Banks sat up and swung his legs from under the covers. Sandra turned over. “Where are they?” he asked.
“They’re here, sir, at the station. I couldn’t keep them away. I said we’re doing all we can, but…”
“Have you called her friends, boyfriends?”
“Yes, sir. That’s all been done. Everyone her mum and dad and her friends from the dance could think of. We’ve woken up half the town already. As far as I can gather, she left the dance alone just after eleven o’clock. Had a headache. Her parents only live on the Leaview Estate, so it’s not more than a quarter of a mile down King Street. They got worried when she hadn’t turned up by midnight, her curfew. Called us at twelve-thirty. Sir?”
“Yes?”
“They said normally they’d have given her till one, more likely, then give her a good talking to and pack her off to bed. But they said they’d heard about that killer who got off. Owen Pierce. That’s why they called us so soon.”
Sitting on the edge of the bed, Banks rubbed his eyes, trying once and for all to rid himself of the Stilton dreams. He sighed. From one nightmare to another. “All right,” he said. “Get someone to put on a strong pot of coffee, will you, Susan? I’ll be right over.”
Chapter 17
I
An early rambler from Middlesborough set off from a bed and breakfast in Skield and found the girl’s body tucked away in a fold of Witch Fell, above the village, at eight o’clock on Sunday morning. An hour later, the detectives from Eastvale and the Scene-of-Crime Officers began to dribble in, closely followed by Dr. Glendenning, who was out of breath by the time he had climbed up to where the body was.
Banks stood at the edge of the terrace, which he suspected was a lynchet, an ancient Anglian plowing strip leveled on a hillside. Such lyncheted hills went up in a series of steps, of which this was the first.

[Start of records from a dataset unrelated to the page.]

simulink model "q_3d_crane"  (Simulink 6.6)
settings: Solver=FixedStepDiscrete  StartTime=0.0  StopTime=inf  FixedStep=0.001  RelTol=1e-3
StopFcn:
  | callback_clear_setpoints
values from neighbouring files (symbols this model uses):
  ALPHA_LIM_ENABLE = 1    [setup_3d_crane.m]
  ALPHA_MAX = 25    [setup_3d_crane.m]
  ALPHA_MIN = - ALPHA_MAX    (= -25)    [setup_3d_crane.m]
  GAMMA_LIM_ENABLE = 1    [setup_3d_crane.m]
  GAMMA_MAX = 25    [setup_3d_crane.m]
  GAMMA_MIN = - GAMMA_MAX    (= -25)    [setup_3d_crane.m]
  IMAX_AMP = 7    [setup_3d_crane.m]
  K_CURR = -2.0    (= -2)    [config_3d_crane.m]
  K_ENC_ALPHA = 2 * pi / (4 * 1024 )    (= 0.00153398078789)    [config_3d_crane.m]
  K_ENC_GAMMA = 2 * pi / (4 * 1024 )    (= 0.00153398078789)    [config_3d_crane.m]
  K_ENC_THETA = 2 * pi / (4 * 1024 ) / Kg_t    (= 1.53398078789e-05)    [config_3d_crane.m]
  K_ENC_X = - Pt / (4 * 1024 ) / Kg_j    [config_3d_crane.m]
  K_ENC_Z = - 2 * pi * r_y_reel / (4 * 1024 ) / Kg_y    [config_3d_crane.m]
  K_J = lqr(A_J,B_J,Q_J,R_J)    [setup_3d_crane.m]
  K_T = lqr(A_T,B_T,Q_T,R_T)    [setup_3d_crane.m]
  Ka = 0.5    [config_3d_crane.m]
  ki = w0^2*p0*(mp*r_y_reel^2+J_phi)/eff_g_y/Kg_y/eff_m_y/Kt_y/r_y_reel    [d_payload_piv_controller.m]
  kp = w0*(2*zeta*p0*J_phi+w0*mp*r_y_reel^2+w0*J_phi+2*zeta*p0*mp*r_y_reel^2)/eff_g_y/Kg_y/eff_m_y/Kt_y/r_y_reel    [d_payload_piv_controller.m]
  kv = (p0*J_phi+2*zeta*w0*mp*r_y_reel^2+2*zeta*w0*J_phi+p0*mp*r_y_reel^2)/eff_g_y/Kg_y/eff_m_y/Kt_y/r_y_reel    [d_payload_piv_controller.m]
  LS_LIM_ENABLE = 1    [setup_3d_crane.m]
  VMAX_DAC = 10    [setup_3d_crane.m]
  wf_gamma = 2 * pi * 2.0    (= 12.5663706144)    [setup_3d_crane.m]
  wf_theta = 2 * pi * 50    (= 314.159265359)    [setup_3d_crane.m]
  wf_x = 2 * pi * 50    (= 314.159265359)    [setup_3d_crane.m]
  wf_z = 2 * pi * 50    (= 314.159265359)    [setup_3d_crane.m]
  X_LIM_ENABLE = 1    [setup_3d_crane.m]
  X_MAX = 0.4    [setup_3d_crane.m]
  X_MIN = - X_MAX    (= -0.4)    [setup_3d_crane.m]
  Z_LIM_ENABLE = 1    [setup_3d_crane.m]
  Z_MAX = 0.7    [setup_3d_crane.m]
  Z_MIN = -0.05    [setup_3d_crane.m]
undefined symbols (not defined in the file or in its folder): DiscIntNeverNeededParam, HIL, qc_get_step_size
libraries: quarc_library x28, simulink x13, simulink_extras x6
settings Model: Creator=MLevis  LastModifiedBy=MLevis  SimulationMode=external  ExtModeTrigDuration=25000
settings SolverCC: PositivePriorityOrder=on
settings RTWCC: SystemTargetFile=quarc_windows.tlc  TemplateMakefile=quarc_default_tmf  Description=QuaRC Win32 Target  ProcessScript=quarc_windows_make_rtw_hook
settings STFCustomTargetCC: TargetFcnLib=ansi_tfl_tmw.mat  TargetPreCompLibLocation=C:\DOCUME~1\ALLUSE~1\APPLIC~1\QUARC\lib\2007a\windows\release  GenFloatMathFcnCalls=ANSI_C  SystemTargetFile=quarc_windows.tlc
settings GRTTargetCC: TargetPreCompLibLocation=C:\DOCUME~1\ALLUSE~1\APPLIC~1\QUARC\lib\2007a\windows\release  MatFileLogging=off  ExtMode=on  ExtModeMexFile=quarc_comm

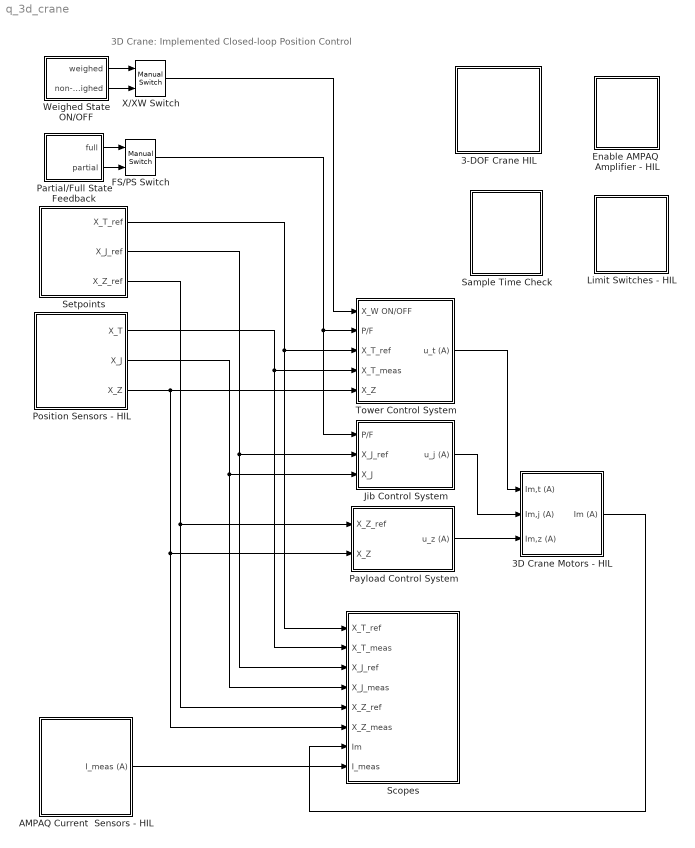
== system q_3d_crane ==
  note: 3D Crane: Implemented Closed-loop Position Control
  3-DOF Crane HIL : Subsystem
  3D Crane Motors - HIL : Subsystem
  AMPAQ Current  Sensors - HIL : Subsystem
  Enable AMPAQ  Amplifier - HIL : Subsystem
  FS/PS Switch : simulink/Signal Routing/Manual Switch  SystemSampleTime=-1  sw=1  action=0  varsize=off
  Jib Control System : Subsystem
  Limit Switches - HIL : Subsystem
  Partial/Full State Feedback : Subsystem
  Payload Control System : Subsystem
  Position Sensors - HIL : Subsystem
  Sample Time Check : Subsystem
  Scopes : Subsystem
  Setpoints : Subsystem
  Tower Control System : Subsystem
  Weighed State ON/OFF : Subsystem
  X/XW Switch : simulink/Signal Routing/Manual Switch  SystemSampleTime=-1  sw=1  action=0  varsize=off
  wires:
  Payload Control System/1(u_z (A)) -> 3D Crane Motors - HIL/3(Im,z (A))
  Tower Control System/1(u_t (A)) -> 3D Crane Motors - HIL/1(Im,t (A))
  Position Sensors - HIL/1(X_T) -> Scopes/2(X_T_meas), Tower Control System/4(X_T_meas)
  Position Sensors - HIL/3(X_Z) -> Scopes/6(X_Z_meas), Payload Control System/2(X_Z), Tower Control System/5(X_Z)
  Position Sensors - HIL/2(X_J) -> Scopes/4(X_J_meas), Jib Control System/3(X_J)
  Setpoints/2(X_J_ref) -> Scopes/3(X_J_ref), Jib Control System/2(X_J_ref)
  Setpoints/1(X_T_ref) -> Scopes/1(X_T_ref), Tower Control System/3(X_T_ref)
  Setpoints/3(X_Z_ref) -> Scopes/5(X_Z_ref), Payload Control System/1(X_Z_ref)
  Jib Control System/1(u_j (A)) -> 3D Crane Motors - HIL/2(Im,j (A))
  Partial/Full State Feedback/1(full) -> FS/PS Switch/1
  Partial/Full State Feedback/2(partial) -> FS/PS Switch/2
  Weighed State ON/OFF/1(weighed) -> X/XW Switch/1
  Weighed State ON/OFF/2(non-weighed) -> X/XW Switch/2
  X/XW Switch/1 -> Tower Control System/1(X_W ON/OFF)
  FS/PS Switch/1 -> Tower Control System/2(P/F), Jib Control System/1(P/F)
  3D Crane Motors - HIL/1(Im (A)) -> Scopes/7(Im)
  AMPAQ Current  Sensors - HIL/1(I_meas (A)) -> Scopes/8(I_meas)

== system q_3d_crane/3-DOF Crane HIL ==
  HIL Initialize : quarc_library/Data Acquisition/Generic/Configuration/HIL Initialize  object_name=HIL-1  board_type=q8  board_number=0  exclusive=off  active=on  hardware_clocks=[0:1]  clock_modes=[0 0]  initial_clock_frequencies=[]  set_clock_params_at_start=on  set_clock_params_at_switch_in=off  set_clock_frequencies_at_start=off  set_clock_frequencies_at_switch_in=off  analog_input_channels=[0:7]  analog_input_maximums=10  analog_input_minimums=-10  set_analog_input_params_at_start=off  set_analog_input_params_at_switch_in=off  analog_output_channels=[0:7]  analog_output_maximums=[10]  analog_output_minimums=[-10]  initial_analog_outputs=[0]  final_analog_outputs=[0]  watchdog_analog_outputs=0  set_analog_output_params_at_start=on  set_analog_output_params_at_switch_in=off  set_analog_outputs_at_start=on  set_analog_outputs_at_switch_in=off  set_analog_outputs_at_terminate=on  set_analog_outputs_at_switch_out=off  set_analog_outputs_on_watchdog=off  digital_input_channels=[]  digital_output_channels=[0:2,4]  digital_output_configuration=[]  initial_digital_outputs=[1]  final_digital_outputs=[1]  watchdog_digital_outputs=[2]  set_digital_output_params_at_start=off  set_digital_output_params_at_switch_in=off  set_digital_outputs_at_start=on  set_digital_outputs_at_switch_in=off  set_digital_outputs_at_terminate=on  set_digital_outputs_at_switch_out=off  set_digital_outputs_on_watchdog=off  encoder_channels=[0:7]  quadrature=[4]  encoder_filter_frequency=(1/120e-9)/1  initial_encoder_counts=[0]  set_encoder_params_at_start=on  set_encoder_params_at_switch_in=off  set_encoder_counts_at_start=on  set_encoder_counts_at_switch_in=off  pwm_channels=[]  pwm_modes=[0]  pwm_frequency=(1/60e-9)/1024  pwm_configuration=[]  pwm_alignment=[]  pwm_polarity=[]  pwm_leading_deadband=[]  pwm_trailing_deadband=[]  initial_pwm_outputs=[0]  final_pwm_outputs=[0]  watchdog_pwm_outputs=[]  set_pwm_params_at_start=on  set_pwm_params_at_switch_in=off  set_pwm_outputs_at_start=on  set_pwm_outputs_at_switch_in=off  set_pwm_outputs_at_terminate=on  set_pwm_outputs_at_switch_out=off  set_pwm_outputs_on_watchdog=off  other_output_channels=[]  initial_other_outputs=[]  final_other_outputs=[]  watchdog_other_outputs=[]  set_other_outputs_at_start=off  set_other_outputs_at_switch_in=off  set_other_outputs_at_terminate=off  set_other_outputs_at_switch_out=off  set_other_outputs_on_watchdog=off
      settings: AttributesFormatString=%<object_name>
  HIL Read Timebase : quarc_library/Data Acquisition/Generic/Timebases/HIL Read Timebase  Tag=unassigned  object_name=HIL-1  clock=0  analog_channels=[0:2]  encoder_channels=[0:4]  digital_channels=[8:12]  other_channels=[]  samples_in_buffer=max(ceil(1/qc_get_step_size), 1)  active=on  vector_output=on  data_type_mode=Inherit via back propagation  encoder_data_type=double  digital_data_type=boolean
  HIL Write : quarc_library/Data Acquisition/Generic/Immediate I//O/HIL Write  Tag=unassigned  object_name=HIL-1  analog_channels=[0:2]  pwm_channels=[]  digital_channels=[0:2,4]  other_channels=[]  sample_time=-1  active=off  vector_input=on
  tag scope: AI=global, DI=global, ENC_CNT=global
  wires:
  HIL Read Timebase/3 -> [DI]
  HIL Read Timebase/1 -> [AI]
  HIL Read Timebase/2 -> [ENC_CNT]
  [DO] -> HIL Write/2
  [AO] -> HIL Write/1

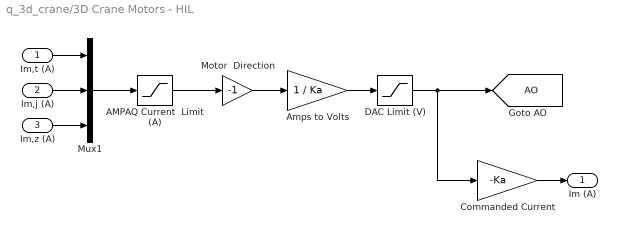
== system q_3d_crane/3D Crane Motors - HIL ==
  Im,t (A) : Inport
  Im,j (A) : Inport  Port=2
  Im,z (A) : Inport  Port=3
  AMPAQ Current  Limit (A) : Saturate  UpperLimit=IMAX_AMP  LowerLimit=-IMAX_AMP
  Amps to Volts : Gain  Gain=1 / Ka  SaturateOnIntegerOverflow=on
  "Commanded Current " : Gain  Gain=-Ka  SaturateOnIntegerOverflow=on
  DAC Limit (V) : Saturate  UpperLimit=VMAX_DAC  LowerLimit=-VMAX_DAC
  Motor  Direction : Gain  Gain=-1
  Mux1 : Mux  Inputs=3
  Im (A) : Outport
  tag scope: AO=global
  wires:
  Amps to Volts/1 -> DAC Limit (V)/1
  DAC Limit (V)/1 -> [AO], "Commanded Current "/1
  AMPAQ Current  Limit (A)/1 -> Motor  Direction/1
  Im,t (A)/1 -> Mux1/1
  Im,j (A)/1 -> Mux1/2
  Im,z (A)/1 -> Mux1/3
  Mux1/1 -> AMPAQ Current  Limit (A)/1
  "Commanded Current "/1 -> Im (A)/1
  Motor  Direction/1 -> Amps to Volts/1

== system q_3d_crane/AMPAQ Current  Sensors - HIL ==
  note: AMPAQ Current Sensors
  Current Sensitivity (A/V) : Gain  Gain=K_CURR
  I_meas (A) : Outport
  wires:
  Current Sensitivity (A/V)/1 -> I_meas (A)/1
  [AI] -> Current Sensitivity (A/V)/1

== system q_3d_crane/Enable AMPAQ  Amplifier - HIL ==
  Enable Amp : Constant  Value=[0 0 0 1]
  tag scope: DO=global
  wires:
  Enable Amp/1 -> [DO]

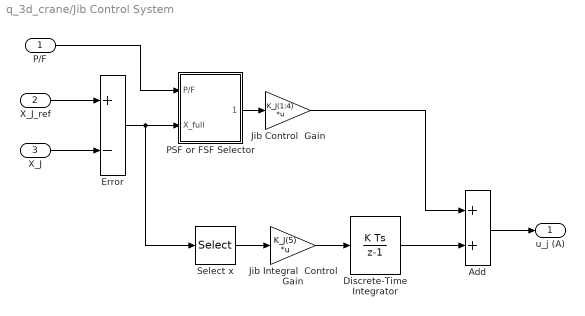
== system q_3d_crane/Jib Control System ==
  P/F : Inport
  X_J_ref : Inport  Port=2
  X_J : Inport  Port=3
  Add : Sum  OutScaling=2^-10
  Discrete-Time Integrator : DiscreteIntegrator  SampleTime=qc_get_step_size  LimitOutput=on  UpperSaturationLimit=2  LowerSaturationLimit=-2  ICPrevOutput=DiscIntNeverNeededParam  ICPrevScaledInput=DiscIntNeverNeededParam
  Error : Sum  Inputs=+-  OutScaling=2^-10
  Jib Control  Gain : Gain  Gain=K_J(1:4)  Multiplication=Matrix(K*u)
  Jib Integral  Control Gain : Gain  Gain=K_J(5)  Multiplication=Matrix(K*u)
  PSF or FSF Selector : Subsystem
  Select x : Selector  IndexOptions=Index vector (dialog)  Indices=1  OutputSizes=1  InputPortWidth=4
  u_j (A) : Outport
  wires:
  PSF or FSF Selector/1(X_out) -> Jib Control  Gain/1
  P/F/1 -> PSF or FSF Selector/1(P/F)
  Add/1 -> u_j (A)/1
  Discrete-Time Integrator/1 -> Add/2
  Jib Control  Gain/1 -> Add/1
  Jib Integral  Control Gain/1 -> Discrete-Time Integrator/1
  Select x/1 -> Jib Integral  Control Gain/1
  X_J/1 -> Error/2
  X_J_ref/1 -> Error/1
  Error/1 -> Select x/1, PSF or FSF Selector/2(X_full)

== system q_3d_crane/Limit Switches - HIL ==
  Constant3 : Constant  Orientation=down  Value=LS_LIM_ENABLE
  Read Limit Switches : Subsystem
  Stop with Limit Switches : Subsystem  TreatAsAtomicUnit=on
  wires:
  Constant3/1 -> Stop with Limit Switches/Enable
  Read Limit Switches/1(tower cw) -> Stop with Limit Switches/1(tower cw)
  Read Limit Switches/2(tower ccw) -> Stop with Limit Switches/2(tower ccw)
  Read Limit Switches/3(jib ret) -> Stop with Limit Switches/3(jib ret)
  Read Limit Switches/4(jib ext) -> Stop with Limit Switches/4(jib ext)
  Read Limit Switches/5(payload max) -> Stop with Limit Switches/5(payload max)

== system q_3d_crane/Partial/Full State Feedback ==
  Full-State : Constant
  Partial-State : Constant  Value=0
  full : Outport
  partial : Outport  Port=2
  wires:
  Full-State/1 -> full/1
  Partial-State/1 -> partial/1

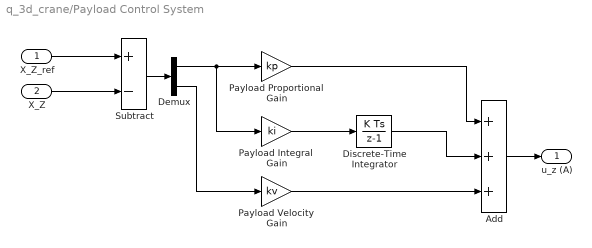
== system q_3d_crane/Payload Control System ==
  X_Z_ref : Inport
  X_Z : Inport  Port=2
  Add : Sum  Inputs=+++  OutScaling=2^-10
  Demux : Demux  Outputs=2
  Discrete-Time Integrator : DiscreteIntegrator  SampleTime=qc_get_step_size  ICPrevOutput=DiscIntNeverNeededParam  ICPrevScaledInput=DiscIntNeverNeededParam
  Payload Integral  Gain : Gain  Gain=ki
  Payload Proportional  Gain : Gain  Gain=kp
  Payload Velocity  Gain : Gain  Gain=kv
  Subtract : Sum  Inputs=+-  OutScaling=2^-10
  u_z (A) : Outport
  wires:
  X_Z/1 -> Subtract/2
  X_Z_ref/1 -> Subtract/1
  Payload Integral  Gain/1 -> Discrete-Time Integrator/1
  Add/1 -> u_z (A)/1
  Payload Proportional  Gain/1 -> Add/1
  Discrete-Time Integrator/1 -> Add/2
  Subtract/1 -> Demux/1
  Demux/1 -> Payload Proportional  Gain/1, Payload Integral  Gain/1
  Demux/2 -> Payload Velocity  Gain/1
  Payload Velocity  Gain/1 -> Add/3

== system q_3d_crane/Position Sensors - HIL ==
  note: 3D Crane Encoders
  Construct Jib State : Subsystem
  Construct Payload State : Subsystem
  Construct Tower State : Subsystem
  Encoder Calibration : Gain  Gain=[K_ENC_THETA, K_ENC_X, K_ENC_Z, K_ENC_ALPHA, K_ENC_GAMMA]
  X_T : Outport
  X_J : Outport  Port=2
  X_Z : Outport  Port=3
  wires:
  [ENC_CNT] -> Encoder Calibration/1
  Encoder Calibration/1 -> Construct Tower State/1(X_read), Construct Jib State/1(X_read), Construct Payload State/1(X_read)
  Construct Tower State/1(X_T) -> X_T/1
  Construct Jib State/1(X_J) -> X_J/1
  Construct Payload State/1(X_Z) -> X_Z/1

== system q_3d_crane/Sample Time Check ==
  Larger than  2x sample time? : simulink/Logic and Bit Operations/Compare To Constant  SystemSampleTime=-1  relop=>  const=2*qc_get_step_size  LogicOutDataTypeMode=uint8  ZeroCross=off
  Max Missed Samples : simulink/Logic and Bit Operations/Compare To Constant  SystemSampleTime=-1  relop=>  const=5  LogicOutDataTypeMode=uint8  ZeroCross=off
  Memory : Memory  Orientation=left
  Sample Time : quarc_library/Sources/Time/Sample Time  Priority=-99  sample_time=qc_get_step_size
  Samples Missed : Display
  Stop with Message : quarc_library/Sinks/Error Handling/Stop with Message  SystemSampleTime=-1  message_type=Fixed error message  message_icon=Error  message=Maximum number of missed samples reached. Please reduce your CPU load.
  Sum : Sum  Inputs=|++
  wires:
  Max Missed Samples/1 -> Stop with Message/1
  Memory/1 -> Sum/2
  Sum/1 -> Memory/1, Max Missed Samples/1, Samples Missed/1
  Larger than  2x sample time?/1 -> Sum/1
  Sample Time/1 -> Larger than  2x sample time?/1

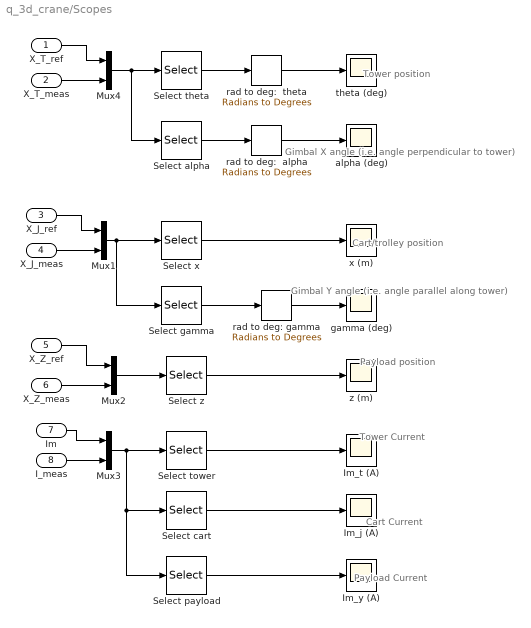
== system q_3d_crane/Scopes ==
  note: Tower Current
  note: Cart Current
  note: Payload Current
  note: Payload position
  note: Cart/trolley position
  note: Tower position
  note: Gimbal X angle
      | (i.e. angle perpendicular to tower)
  note: Gimbal Y angle
      | (i.e. angle parallel along tower)
  X_T_ref : Inport
  X_T_meas : Inport  Port=2
  X_J_ref : Inport  Port=3
  X_J_meas : Inport  Port=4
  X_Z_ref : Inport  Port=5
  X_Z_meas : Inport  Port=6
  Im : Inport  Port=7
  I_meas : Inport  Port=8
  Im_j (A) : Scope
      settings: TimeRange=25  SaveName=ScopeData4
  Im_t (A) : Scope
      settings: TimeRange=25  SaveName=ScopeData3
  Im_y (A) : Scope
      settings: TimeRange=25  SaveName=ScopeData5
  Mux{1..4} (4 alike) : Mux  Inputs=2
  Select alpha : Selector  IndexOptions=Index vector (dialog)  Indices=[2 6]  OutputSizes=1  InputPortWidth=8
  Select cart : Selector  IndexOptions=Index vector (dialog)  Indices=[2 5]  OutputSizes=1  InputPortWidth=6
  Select gamma : Selector  IndexOptions=Index vector (dialog)  Indices=[2 6]  OutputSizes=1  InputPortWidth=8
  Select payload : Selector  IndexOptions=Index vector (dialog)  Indices=[3 6]  OutputSizes=1  InputPortWidth=6
  Select theta : Selector  IndexOptions=Index vector (dialog)  Indices=[1 5]  OutputSizes=1  InputPortWidth=8
  Select tower : Selector  IndexOptions=Index vector (dialog)  Indices=[1 4]  OutputSizes=1  InputPortWidth=6
  Select x : Selector  IndexOptions=Index vector (dialog)  Indices=[1 5]  OutputSizes=1  InputPortWidth=8
  Select z : Selector  IndexOptions=Index vector (dialog)  Indices=[1 3]  OutputSizes=1  InputPortWidth=4
  alpha (deg) : Scope
      settings: TimeRange=25  YMin=-15  YMax=15
  gamma (deg) : Scope
      settings: TimeRange=25  SaveName=ScopeData9
  rad to deg:  theta : simulink_extras/Transformations/Radians to Degrees  SystemSampleTime=-1
  rad to deg: gamma : simulink_extras/Transformations/Radians to Degrees  SystemSampleTime=-1
  rad to deg:  alpha : simulink_extras/Transformations/Radians to Degrees  SystemSampleTime=-1
  theta (deg) : Scope
      settings: TimeRange=25  YMin=-150  YMax=150  SaveName=ScopeData8
  x (m) : Scope
      settings: TimeRange=25  YMin=-1  YMax=1
  z (m) : Scope
      settings: TimeRange=25  YMin=0  YMax=0.65  SaveName=ScopeData2
  wires:
  I_meas/1 -> Mux3/2
  Mux3/1 -> Select tower/1, Select payload/1, Select cart/1
  Im/1 -> Mux3/1
  rad to deg:  theta/1 -> theta (deg)/1
  rad to deg: gamma/1 -> gamma (deg)/1
  rad to deg:  alpha/1 -> alpha (deg)/1
  Select theta/1 -> rad to deg:  theta/1
  X_T_ref/1 -> Mux4/1
  Mux4/1 -> Select theta/1, Select alpha/1
  Select x/1 -> x (m)/1
  Mux2/1 -> Select z/1
  Select alpha/1 -> rad to deg:  alpha/1
  Select gamma/1 -> rad to deg: gamma/1
  X_J_ref/1 -> Mux1/1
  X_J_meas/1 -> Mux1/2
  Mux1/1 -> Select x/1, Select gamma/1
  X_Z_ref/1 -> Mux2/1
  X_Z_meas/1 -> Mux2/2
  Select z/1 -> z (m)/1
  X_T_meas/1 -> Mux4/2
  Select tower/1 -> Im_t (A)/1
  Select cart/1 -> Im_j (A)/1
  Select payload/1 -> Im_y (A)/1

The strip was about ten yards wide and dipped a little in the middle.
The girl’s body lay spread-eagled in the central depression, as if cupped in the petals of a flower. The little meadow was full of buttercups and daisies; flies and more delicate winged insects buzzed in the air, some pausing to light on the girl’s pale, unyielding skin for a moment.
Several buttercups and daisies had been twined in her long blonde hair, which lay spread out on the bright green grass around her head like the halo in a Russian icon. Her blouse had been torn open and her bra pulled up, revealing small, pale breasts, and her short skirt was up around her thighs, her discarded panties on the grass beside her. As Banks got closer, he noticed the discoloration around her neck, and the open shoulder-bag by her arm, some of its contents spilled on the grass: lipstick, a purse, compact, nail-file, chewing gum, perfume, keys, address book, earrings, hairbrush.
The similarities to the Deborah Harrison scene were too close to be ignored. And Banks had just convinced himself that Deborah had been murdered by someone she knew for some sort of logical reason. Now it looked as if they were dealing with a sexual psychopath-one who had murdered two young girls in the area.
Banks stood back as Peter Darby took photographs and then watched Dr. Glendenning perform the on-scene examination. By then, Superintendent Gristhorpe had arrived and Jimmy Riddle was rumored to be pacing at the bottom of the hill trying to decide whether to attempt the short climb or wait until the others came down to him.